The 23and Me health and trait reports are only available in certain countries.
The tests from Family Tree DNA, Living DNA and My Heritage are sold worldwide.
In some cases Y-DNA and mt DNA data may also be of help.
For autosomal DNA testing one should always test the oldest generations first wherever possible - your parents, grandparents (if you are lucky), aunts and uncles.
For relationships at the 4th cousin once removed to 5th cousin level you may need to test 10 to 20 or more first and second cousins and see how much autosomal DNA they share with a potential 4th cousin once removed or a potential 5th cousin in order to have sufficient data to generate a statistically significant average amount of autosomal DNA that is shared among the entire group, assuming that you are dealing with a non-endogamous population.

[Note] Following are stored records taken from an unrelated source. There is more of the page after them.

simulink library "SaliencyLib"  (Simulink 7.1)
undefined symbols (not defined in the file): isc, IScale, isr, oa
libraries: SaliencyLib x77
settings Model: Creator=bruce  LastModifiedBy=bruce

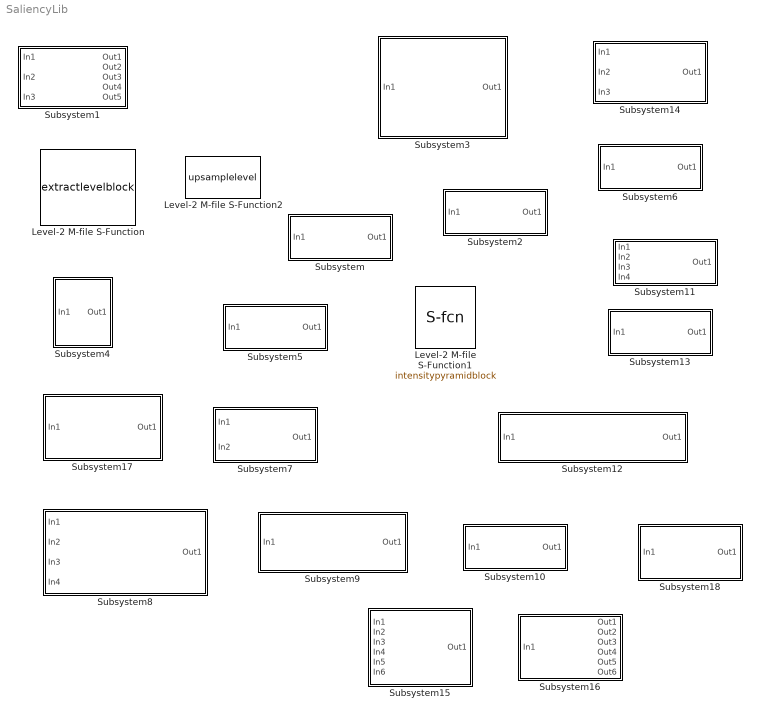
== system SaliencyLib ==
  Level-2 M-file S-Function : M-S-Function  FunctionName=extractlevelblock  Parameters=br,bc,pl,bo  mask(Extract Pyramid Level){br=332, bc=500, pl=2, bo=0}
      mask prompts: br "base rows:"; bc "base cols:"; pl "pyramid level:"; bo "base offset:"
      mask help:
      | Extracts one scale level from a multi-resolution pyramid
      | (that previously was packed into a matrix).
      mask Help:
      | For parameters are required.  Base rows and columns are the
      | dimensions of the level 0 image.  The pyramid level is the
      | resolution level that will be output. Base offset is normally
      | zero, but if the input pyramid was obtained by extracting
      | level n from a pyramid with level 0 dimensions given by the
      | base row and col parameter, then the base offset should be
      | set to n to give the correct input pyramid dimensions.
      mask Display: fprintf('EXTRACT\nLEVEL %s\n(%s x %s)', get_param(gcb, 'pl'),get_param(gcb,'br'),get_param(gcb,'bc'))
  Level-2 M-file S-Function1 : M-S-Function  FunctionName=intensitypyramidblock  Parameters=sr,sc,sl,bo  mask(Multi-Resolution Image Pyramid){sr=332, sc=500, sl=8, bo=0}
      mask prompts: sr "source rows:"; sc "source cols:"; sl "levels:"; bo "base offset:"
      mask help:
      | Constructs a multi-scale image pyramid from the input image
      | and outputs this pyramid packed into a 2-D matrix.
      mask Help:
      | Four parameters (sr,sc,sl,bo) are required.
      | 
      | sr and sc are the (nominal) row and column dimensions of the
      | input source image.
      | 
      | sl is the desired number of levels for the output pyramid.
      | 
      | bo is normally zero, but can be used to implicitly specify
      | the input image dimensions when the input is known to be
      | itself a level bo image from a pyramid derived from a base
      | image with dimensions sr by sc.
      mask Display: fprintf('PYRAMID\n(%s x %s)\n%s LEVEL', get_param(gcb,'sr'),get_param(gcb,'sc'),get_param(gcb,'sl'))
  Level-2 M-file S-Function2 : M-S-Function  FunctionName=upsamplelevel  Parameters=br,bc,fl,cl  mask(Upsample Image Pyramid Level){br=332, bc=500, fl=2, cl=5}
      mask prompts: br "base rows:"; bc "base cols:"; fl "fine level:"; cl "coarse level:"
      mask help:
      | Upsample a coarse resolution (higher) level image
      | to the resolution of a finer (lower) level image by simple
      | pixel replication.
      mask Help:
      | PARAMETERS:
      | base row, cols - level 0 image dimensions for the input pyramid.
      | fine level - the scale for the output image.
      | coarse level - the scale for the input image.
      mask Display: fprintf('UPSAMPLE\nLEVEL %s -> %s',get_param(gcb,'cl'),get_param(gcb,'fl'))
  Subsystem : Subsystem
      mask Type: Matrix Maximum
      mask Description: Outputs the value of the largest element in the input matrix.
      mask Display:
      | disp('MATRIX\nMAX')
      | port_label('input',1,'IMG')
      | port_label('output',1,'MAX')
  Subsystem1 : Subsystem  Tag=Color Map
      mask Type: Color Mapping
      mask Description:
      | Maps conventional RGB color component images to
      | intensity plus RGBY channels used by saliency algorithm.
      mask Display:
      | disp('COLOR\nMAPPING')
      | port_label('input',1,'r')
      | port_label('input',2','g')
      | port_label('input',3,'b')
      | port_label('output',1,'I')
      | port_label('output',2,'R')
      | port_label('output',3,'G')
      | port_label('output',4','B')
      | port_label('output',5,'Y')
  Subsystem10 : Subsystem  mask(Multi-Scale Color Opponent Saliency Channel){bRows=0, bCols=0}
      mask prompts: bRows "base rows:"; bCols "base cols:"
      mask help:
      | Outputs a bus containing color opponent saliency maps for
      | six different center-surround scale pairs.
      mask Display: fprintf('MULTI-SCALE\nCOLOR OPP\n(%s x %s)', get_param(gcb,'bRows'),get_param(gcb,'bCols'))
  Subsystem11 : Subsystem  mask(Color Based Saliency Channel){br=332, bc=500}
      mask prompts: br "base rows:"; bc "base cols:"
      mask help:
      | Outputs saliency map based on multi-scale double color
      | opponent center-surround differences in the input image.
      mask Display: fprintf('COLOR CHANNEL\n(%s x %s)',get_param(gcb,'br'),get_param(gcb,'bc'))
  Subsystem12 : Subsystem  mask(Single Orientation Saliency Channel){isr=332, isc=500, oa=0}
      mask prompts: isr "source rows:"; isc "source cols:"; oa "orientation angle:"
      mask help:
      | Outputs saliency map based on multi-scale center-surround
      | feature orientation differences for a single, parametrically
      | specified orientation.
      mask Display: fprintf('ORIENTED CHANNEL (%s DEG)\n(%s X %s)', get_param(gcb, 'oa'), get_param(gcb,'isr'),get_param(gcb,'isc'))
  Subsystem13 : Subsystem  mask(Multi-Orientation Based Saliency Channel){sr=0, sc=0}
      mask prompts: sr "source rows:"; sc "source cols:"
      mask help:
      | Outputs saliency map based on multi-scale, multi-orientation
      | center-surround feature orientation differences.
      mask Display: fprintf('MULTI-ORIENTED\nCHANNEL\n(%s x %s)',get_param(gcb,'sr'),get_param(gcb,'sc'))
  Subsystem14 : Subsystem  mask(Three Channel Saliency){inRows=332, inCols=500}
      mask prompts: inRows "input rows:"; inCols "input cols:"
      mask help:
      | Implements a three channel (intensity, orientation, color)
      | saliency map computaion based on the 1998 PAMI paper.
      mask Display:
      | fprintf('I-O-C CHANNEL\nSALIENCY\n(%s x %s)', get_param(gcb,'inRows'),get_param(gcb,'inCols'))
      | port_label('input',1,'r')
      | port_label('input',2,'g')
      | port_label('input',3,'b')
      | port_label('output',1,'SAL')
  Subsystem15 : Subsystem
      mask Type: Multi-Scale Image Bus Creator
      mask Description:
      | Provides a standardized means of assembling a multi-scale
      | collection of images into a bus.
      mask Display: disp('X-SCALE BUS\nCREATOR')
  Subsystem16 : Subsystem
      mask Type: Multi-Scale Image Bus Selector
      mask Description:
      | Provides a standardized connection to the bus created by
      | "X-SCALE BUS CREATOR" and un-packs bus components to separate
      | outputs.
      mask Display: disp('X-SCALE BUS\nSELECTOR')
  Subsystem17 : Subsystem  mask(Cross-Scale Summation){brxs=322, bcxs=500, L1off=0, L2off=0}
      mask prompts: brxs "base rows:"; bcxs "base cols:"; L1off "level one offset:"; L2off "level two offset:"
      mask help:
      | Output is the sum of six input center-surround absolute
      | difference maps at three different scales. Scales are
      | combined by downsampling.
      mask Display: fprintf('X-SCALE\nCOMBINE\n(%s x %s)\n%d-%d',get_param(gcb,'brxs'),get_param(gcb,'bcxs'),L1off,L2off)
  Subsystem18 : Subsystem  AncestorBlock=SaliencyLib/Subsystem12/Subsystem2  mask(Orientation Image Pyramid){sr=isr, sc=isc, pl=8, a=oa}
      mask prompts: sr "source rows:"; sc "source cols:"; pl "levels"; a "angle:"
      mask help:
      | Outputs a multi-scale pyramid obtained by applying a Gabor
      | kernel (with a parametrically specified orientation) to the
      | input image. The output pyramid is packed into a 2-D array.
      mask Display:
      | fprintf('ORIENT\nPYRAMID\n%s',get_param(gcb,'a'))
      | port_label('output',1,'PYR')
      | port_label('input',1,'IMG')
  Subsystem2 : Subsystem
      mask Type: Intensity Pyramid (DEPRECATED)
      mask Description:
      | Constructs a multi-scale image pyramid from the input matrix.
      | All of the pyramid levels are packed into a 2-D matrix.
      mask Display:
      | disp('INTENSITY\nPYRAMID')
      | port_label('output',1,'PYR')
      | port_label('input',1,'IMG')
  Subsystem3 : Subsystem  mask(Cross Level Difference){isr=0, isc=0}
      mask prompts: isr "input rows"; isc "input cols"
      mask help:
      | Computes absolute difference of scale 2 and 5 levels of an
      | image pyramid (upsampling the scale 5 image).
      mask Display:
      | port_label('input',1,'PYR')
      | port_label('output',1,'IMG')
      | fprintf('X-LEVEL DIFF\n(%d X %d)', isr, isc)
  Subsystem4 : Subsystem
      mask Type: Average of Local Maxima
      mask Description: Outputs average value of local maxima in the input image.
      mask Display: disp('AVG\nLOCAL\nMAX')
  Subsystem5 : Subsystem
      mask Type: Local Inhibition (Saliency Normalization)
      mask Description:
      | Scales input image based on difference of the global maximum
      | and the average of the local maxima.
      mask Display: disp('LOCAL\nINHIBIT')
  Subsystem6 : Subsystem  mask(Intensity Based Saliency Channel){isr=256, isc=256}
      mask prompts: isr "source rows:"; isc "source cols:"
      mask help:
      | Outputs a saliency map based on mulit-scale center-surround
      | intensity differences in the input image.
      mask Display: fprintf('INTENSITY CHANNEL\n(%s X %s)', get_param(gcb,'isr'),get_param(gcb,'isc'))
  Subsystem7 : Subsystem  mask(Color Opponent Pair Differences){br=332, bc=500, cl=2, sl=5}
      mask prompts: br "base rows:"; bc "base cols:"; cl "center level:"; sl "surround level:"
      mask help:
      | Computes multi-scale center-surround differences
      | for color opponent pairs.
      mask Display: fprintf('COLOR OPP\n(%s x %s)\n(%s -> %s)', get_param(gcb, 'br'), get_param(gcb, 'bc'), get_param(gcb, 'cl'), get_param(gcb, 'sl'))
  Subsystem8 : Subsystem  mask(Multi-Resolution Color Pyramid){br=332, bc=500}
      mask prompts: br "base rows:"; bc "base cols:"
      mask help:
      | Outputs a bus containing multi-resolution pyramids for each
      | of the four input color channel images.
      mask Display:
      | fprintf('COLOR PYRAMID\n(%s x %s)', get_param(gcb, 'br'), get_param(gcb, 'bc'))
      | port_label('input', 1, 'R')
      | port_label('input', 2', 'G')
      | port_label('input', 3, 'B')
      | port_label('input', 4, 'Y')
      | port_label('output', 1, 'CLRPY')
  Subsystem9 : Subsystem  mask(Single Resolution Color Opponent Saliency Channel){br=332, bc=500, cl=2, sl=5}
      mask prompts: br "base rows:"; bc "base cols:"; cl "center level:"; sl "surround level:"
      mask help:
      | Outputs a color opponent based saliency map for a
      | parametrically specified pair of center and surround
      | resolution scales.
      mask Display:
      | fprintf('CLR LEVEL\n(%s x %s)\n%s -> %s',get_param(gcb, 'br'),get_param(gcb, 'bc'),get_param(gcb,'cl'),get_param(gcb,'sl'))
      | port_label('input', 1, 'CLRPY')
      | port_label('output', 1, 'CPAIR')

== system SaliencyLib/Subsystem ==
  In1 : Inport  OutDataType=sfix(16)  OutScaling=2^0
  MATLAB Fcn : MATLABFcn  MATLABFcn=max(u(:))  Output1D=off
  Out1 : Outport  OutDataType=sfix(16)  OutScaling=2^0
  wires:
  MATLAB Fcn/1 -> Out1/1
  In1/1 -> MATLAB Fcn/1

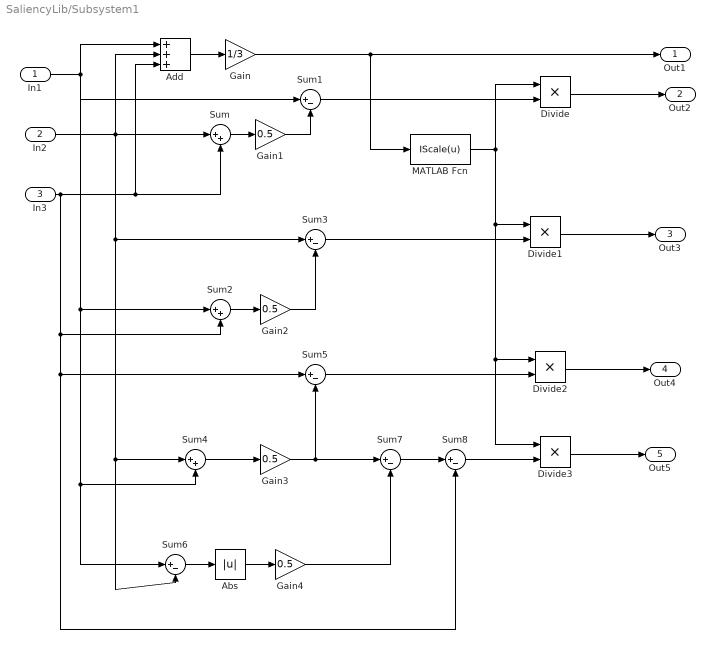
== system SaliencyLib/Subsystem1 ==
  In1 : Inport  OutDataType=sfix(16)  OutScaling=2^0
  In2 : Inport  Port=2  OutDataType=sfix(16)  OutScaling=2^0
  In3 : Inport  Port=3  OutDataType=sfix(16)  OutScaling=2^0
  Abs : Abs  OutDataType=sfix(16)  OutScaling=2^0
  Add : Sum  Inputs=+++  OutDataType=sfix(16)  OutScaling=2^-10
  Divide{,1..3} (4 alike) : Product  Inputs=**  OutDataType=sfix(16)  OutScaling=2^-10
  Gain : Gain  Gain=1/3  ParameterDataType=sfix(16)  ParameterScaling=2^0  OutDataType=sfix(16)  OutScaling=2^0
  Gain{1..4} (4 alike) : Gain  Gain=0.5  ParameterDataType=sfix(16)  ParameterScaling=2^0  OutDataType=sfix(16)  OutScaling=2^0
  MATLAB Fcn : MATLABFcn  MATLABFcn=IScale(u)  Output1D=off
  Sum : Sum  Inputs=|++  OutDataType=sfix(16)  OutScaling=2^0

See Tim Janzen's summary at for an example of this type of quantitative approach.
By testing yourself as well as your parents you will be able to determine which segments have been inherited from which parent, and you will also be able to rule out coincidental (Identical by state) matches.
A two-parent/child trio also provides the best results for the purposes of phasing and chromosome mapping.
This type of test aims to identify any and all changes saw in chromosomes, proteins and in the genes of an individual.
In other words genetic testing can detect an array of medical and health problems, even while a child is still in utero.